Now, here’s a fun fact: I am probably the direct descendent of a 20th century terrorist. Once, after a few too many rum and cokes, my grandfather confided in me that his Northern Irish dad had fled to Canada because he was identified by the IRA as someone who’d been hiding out in bushes along the North/South border and shooting Catholics dead. And that’s why he met my Calgarian grandmother and why I exist. Grampa might have been telling tall tales. But I have to say, he sounded deadly serious.
Now, here’s a comment that just showed up on our band’s public facebook page:
Obviously I’m just going to reply with my usual “punk is supposed to be aggravating”.
But the comment actually comes at the perfect time, because it is mandatory, on November 11, to reflect on what war means for all of us. To take this guy’s advice and to “wise up”… and to think about he might take his own advice.
So let’s review. The Foggy Dew. What is that song about? What is its message?
As most people know, large parts of what is now the Republic of Ireland were subject to fairly awful colonial rule for hundreds of years. Due to horrific mismanagement, Ireland lost half of its population in the 19th century while over a million starved to death, mirroring the fate of other colonized subjects in, for example, India.
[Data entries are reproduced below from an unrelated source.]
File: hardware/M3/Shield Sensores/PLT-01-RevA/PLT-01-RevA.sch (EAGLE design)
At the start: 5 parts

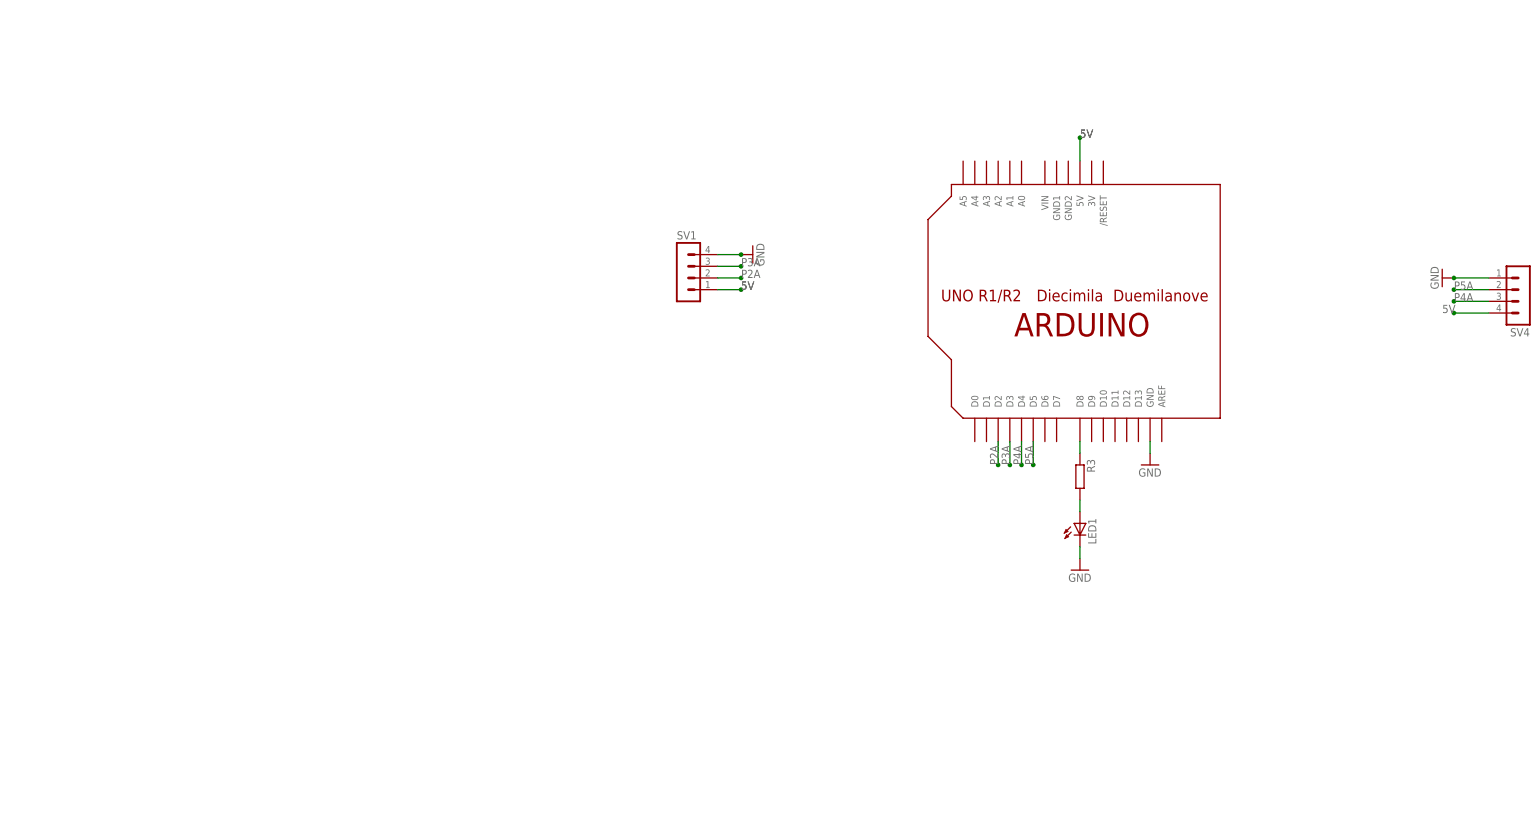
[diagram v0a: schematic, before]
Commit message: Archivos a png
paso archivos de cnc a png para que se puedan ver los cortes sin tener que descargar aplicaciones
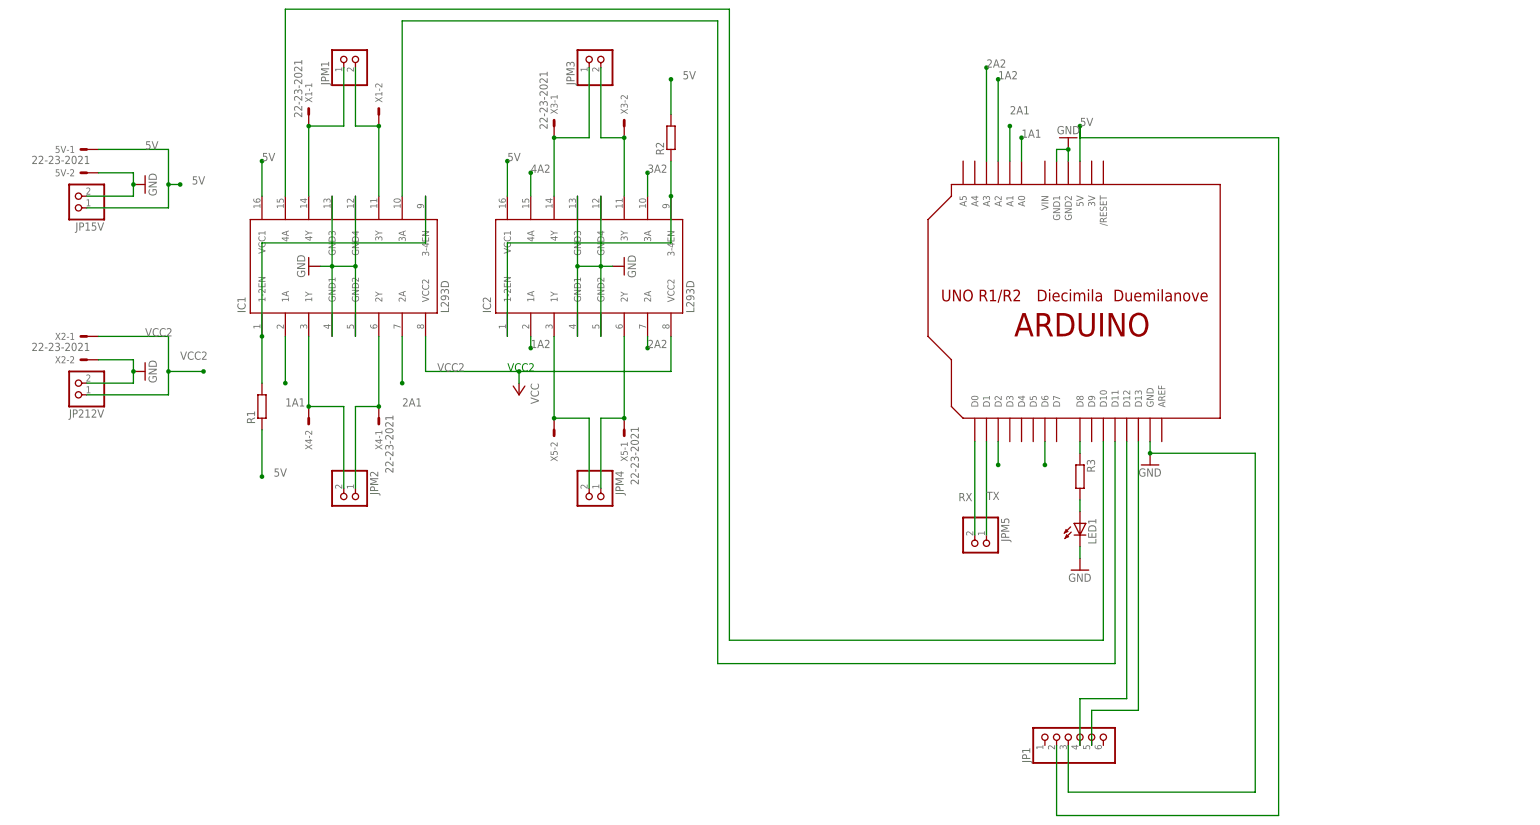
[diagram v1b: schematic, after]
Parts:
- removed SV1, SV4: (no value), con-lstb:MA04-1
- added 5V, X1, X2, X3, X4, X5: 22-23-2021, con-molex:22-23-2021
- added IC1, IC2: L293D, st-microelectronics:L293D
- added JP1: (no value), pinhead:PINHD-1X6
- added JP15V, JP212V, JPM1, JPM2, JPM3, JPM4, JPM5: (no value), pinhead:PINHD-1X2
- added R1, R2: (no value), resistor:R-EU_0207/10
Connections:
- removed net P2A: SV1.2, U$1.D2
- removed net P3A: SV1.3, U$1.D3
- removed net P4A: SV4.3, U$1.D4
- removed net P5A: SV4.2, U$1.D5
- new net 1A1: IC1.1A, U$1.A0
- new net 1A2: IC2.1A, U$1.A2
- new net 2A1: IC1.2A, U$1.A1
- new net 2A2: IC2.2A, U$1.A3
- new net 3A2: IC2.3A, U$1.D2
- new net 4A2: IC2.4A, U$1.D6
- new net N$1: IC1.1Y, JPM2.2, X4-2.S
- new net N$11: IC1.3A, U$1.D11
- new net N$13: JP1.4, U$1.D12
- new net N$14: IC1.1-2EN, IC1.3-4EN, R1.2
- new net N$19: JP1.5, U$1.D13
- new net N$2: IC1.2Y, JPM2.1, X4-1.S
- new net N$22: IC1.4A, U$1.D10
- new net N$3: IC2.1Y, JPM4.2, X5-2.S
- new net N$4: IC2.2Y, JPM4.1, X5-1.S
- new net N$5: IC2.4Y, JPM3.1, X3-1.S
- new net N$6: IC2.3Y, JPM3.2, X3-2.S
- new net N$7: IC1.4Y, JPM1.1, X1-1.S
- new net N$8: IC1.3Y, JPM1.2, X1-2.S
- new net N$9: IC2.1-2EN, IC2.3-4EN, R2.1
- new net RX: JPM5.2, U$1.D0
- new net TX: JPM5.1, U$1.D1
- new net VCC2: IC1.VCC2, IC2.VCC2, JP212V.1, X2-1.S
- net 5V: now also 5V-1.S, IC1.VCC1, IC2.VCC1, JP1.2, JP15V.1, R1.1, R2.2; no longer SV1.1, SV4.4
- net GND: now also 5V-2.S, IC1.GND1, IC1.GND2, IC1.GND3, IC1.GND4, IC2.GND1, IC2.GND2, IC2.GND3, IC2.GND4, JP1.3, JP15V.2, JP212V.2, U$1.GND1, U$1.GND2, X2-2.S; no longer SV1.4, SV4.1
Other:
- note added: "VCC2"

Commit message: Actualizaciones
cambios en placa 2
cambio de ubicacion de la carpeta vehiculo
agregamos archivos svg y redimensionados
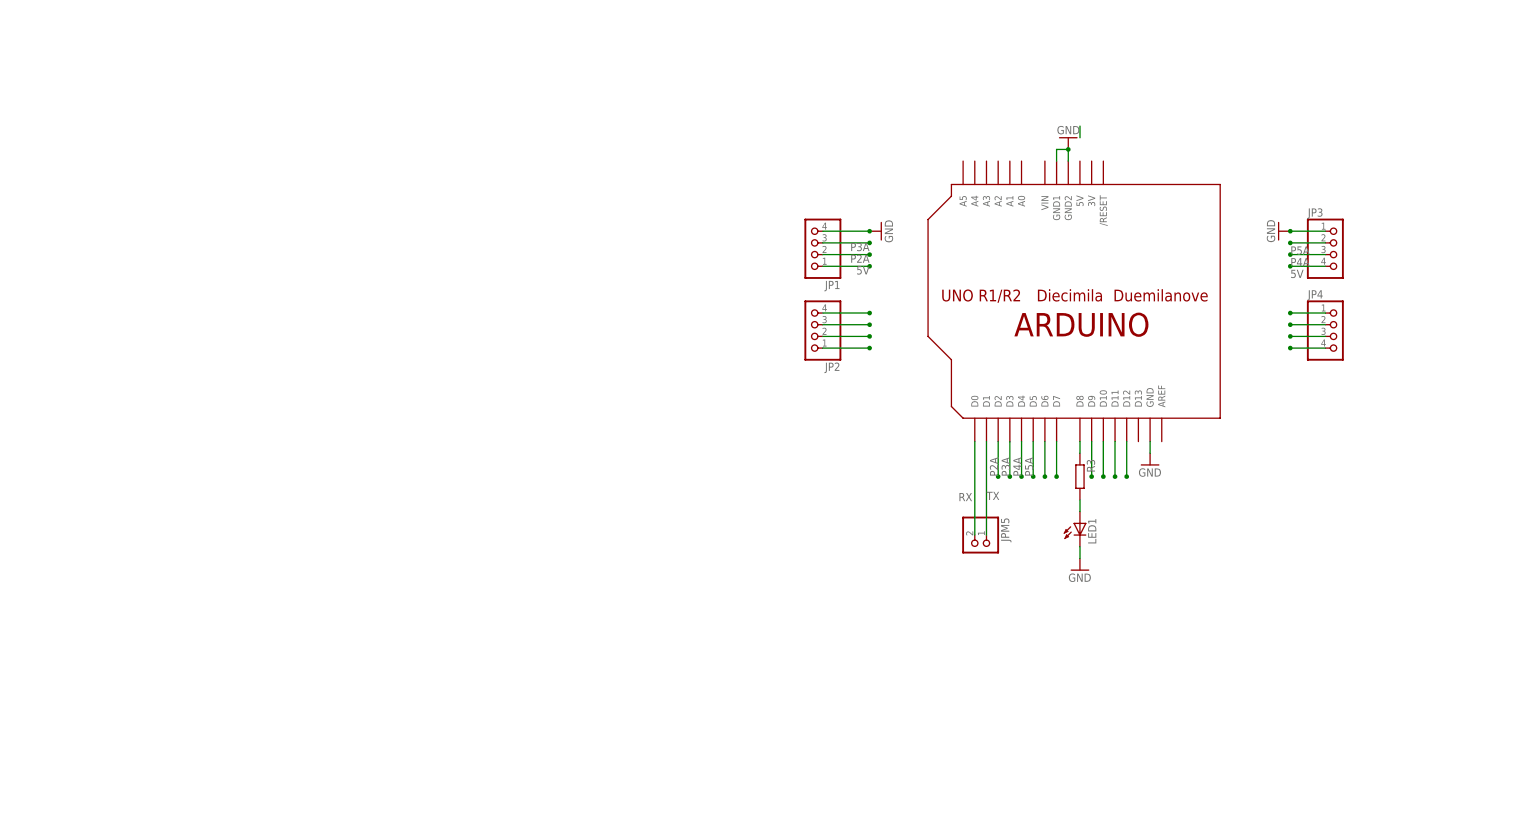
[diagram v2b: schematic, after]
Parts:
- removed 5V, X1, X2, X3, X4, X5: 22-23-2021, con-molex:22-23-2021
- removed IC1, IC2: L293D, st-microelectronics:L293D
- removed JP15V, JP212V, JPM1, JPM2, JPM3, JPM4: (no value), pinhead:PINHD-1X2
- removed R1, R2: (no value), resistor:R-EU_0207/10
- added JP2, JP3, JP4: (no value), pinhead:PINHD-1X4
- JP1: device pinhead:PINHD-1X6 -> pinhead:PINHD-1X4
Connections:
- removed net 1A1: IC1.1A, U$1.A0
- removed net 1A2: IC2.1A, U$1.A2
- removed net 2A1: IC1.2A, U$1.A1
- removed net 2A2: IC2.2A, U$1.A3
- removed net 3A2: IC2.3A, U$1.D2
- removed net 4A2: IC2.4A, U$1.D6
- removed net N$1: IC1.1Y, JPM2.2, X4-2.S
- removed net N$11: IC1.3A, U$1.D11
- removed net N$13: JP1.4, U$1.D12
- removed net N$2: IC1.2Y, JPM2.1, X4-1.S
- removed net N$22: IC1.4A, U$1.D10
- removed net N$3: IC2.1Y, JPM4.2, X5-2.S
- removed net N$6: IC2.3Y, JPM3.2, X3-2.S
- removed net N$7: IC1.4Y, JPM1.1, X1-1.S
- removed net VCC2: IC1.VCC2, IC2.VCC2, JP212V.1, X2-1.S
- new net N$15: JP2.1
- new net N$17: JP4.2
- new net N$30: U$1.D7
- new net N$31: U$1.D10
- new net N$32: U$1.D12
- new net N$35: U$1.D6
- new net N$36: U$1.D9
- new net N$37: U$1.D11
- new net P2A: JP1.2, U$1.D2
- new net P3A: JP1.3, U$1.D3
- new net P4A: JP3.3, U$1.D4
- new net P5A: JP3.2, U$1.D5
- net 5V: now also JP1.1, JP3.4; no longer 5V-1.S, IC1.VCC1, IC2.VCC1, JP1.2, JP15V.1, R1.1, R2.2, U$1.5V
- net GND: now also JP1.4, JP3.1; no longer 5V-2.S, IC1.GND1, IC1.GND2, IC1.GND3, IC1.GND4, IC2.GND1, IC2.GND2, IC2.GND3, IC2.GND4, JP1.3, JP15V.2, JP212V.2, X2-2.S
- net N$14: now also JP2.3; no longer IC1.1-2EN, IC1.3-4EN, R1.2
- net N$19: now also JP4.4; no longer JP1.5, U$1.D13
- net N$4: now also JP2.4; no longer IC2.2Y, JPM4.1, X5-1.S
- net N$5: now also JP2.2; no longer IC2.4Y, JPM3.1, X3-1.S
- net N$8: now also JP4.1; no longer IC1.3Y, JPM1.2, X1-2.S
- net N$9: now also JP4.3; no longer IC2.1-2EN, IC2.3-4EN, R2.1
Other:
- note removed: "VCC2"

In this context, The Foggy Dew is about the Easter Rising of 1916, where Patrick Pearse read out the Proclamation of the Irish Republic from a barricaded position at the Dublin General Post Office. The rising provoked a British response, and the song speaks of “Britannia’s Huns with their long-range guns”, who shelled both the post office and the surrounding area in a (successful) attempt to suppress the rising. This is what the post office looked like when they were done:
By some estimates 310 civilians and 117 military personnel were killed in the fighting, and while some of the responsibility for civilian deaths is disputed to this day, most civilians probably died as a result of British artillery and machine gun fire. They adopted a “those guys might be rebels” approach to attacking the city, even resorting to massacres of civilians who were easily identifiable as noncombatants. And as Hannah Smyth notes in her excellent recounting, a few of those civilians really were shot by the rebels, maybe accidentally, maybe on purpose. It happened.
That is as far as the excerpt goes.